## EXERCISE INSTRUCTIONS:
What you return should be the lines from the one with "State-Space/1 -> Scope/2" through the one with "Gain/1 -> Sum/1" in the data below, reproduced exactly with both ends, and no pictures at all.

##############################

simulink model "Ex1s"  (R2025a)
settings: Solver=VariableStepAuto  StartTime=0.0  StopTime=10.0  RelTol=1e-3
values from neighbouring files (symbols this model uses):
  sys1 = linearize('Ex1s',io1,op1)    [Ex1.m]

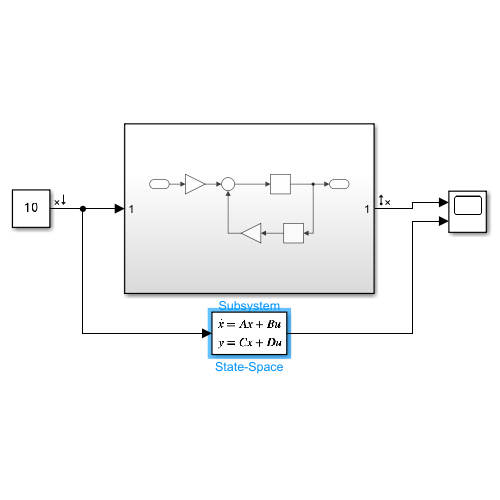
[thumbnail: Simulink's stored preview of the top-level diagram]
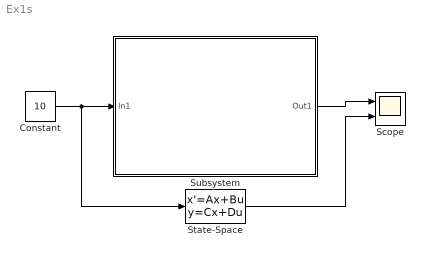
== system Ex1s ==
  Constant : Constant  Value=10
  Scope : Scope  NumInputPorts=2
      settings: ActiveDisplayYMinimum=0.35225922520471742  ActiveDisplayYMaximum=6.8296669731575452
  State-Space : StateSpace  A=sys1.A  B=sys1.B  C=sys1.C  D=sys1.D  InitialCondition=1
  Subsystem : Subsystem
  wires:
  Subsystem/1(Out1) -> Scope/1
  Constant/1 -> State-Space/1, Subsystem/1(In1)
  State-Space/1 -> Scope/2

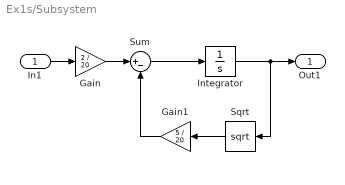
== system Ex1s/Subsystem ==
  In1 : Inport
  Gain : Gain  Gain=2 / 20
  Gain1 : Gain  Gain=5 / 20
  Integrator : Integrator  InitialCondition=1
  Sqrt : Sqrt
  Sum : Sum  Inputs=|+-
  Out1 : Outport
  wires:
  In1/1 -> Gain/1
  Gain/1 -> Sum/1
  Sum/1 -> Integrator/1
  Integrator/1 -> Sqrt/1, Out1/1
  Sqrt/1 -> Gain1/1
  Gain1/1 -> Sum/2

##############################

## YOUR RESPONSE:
  State-Space/1 -> Scope/2

== system Ex1s/Subsystem ==
  In1 : Inport
  Gain : Gain  Gain=2 / 20
  Gain1 : Gain  Gain=5 / 20
  Integrator : Integrator  InitialCondition=1
  Sqrt : Sqrt
  Sum : Sum  Inputs=|+-
  Out1 : Outport
  wires:
  In1/1 -> Gain/1
  Gain/1 -> Sum/1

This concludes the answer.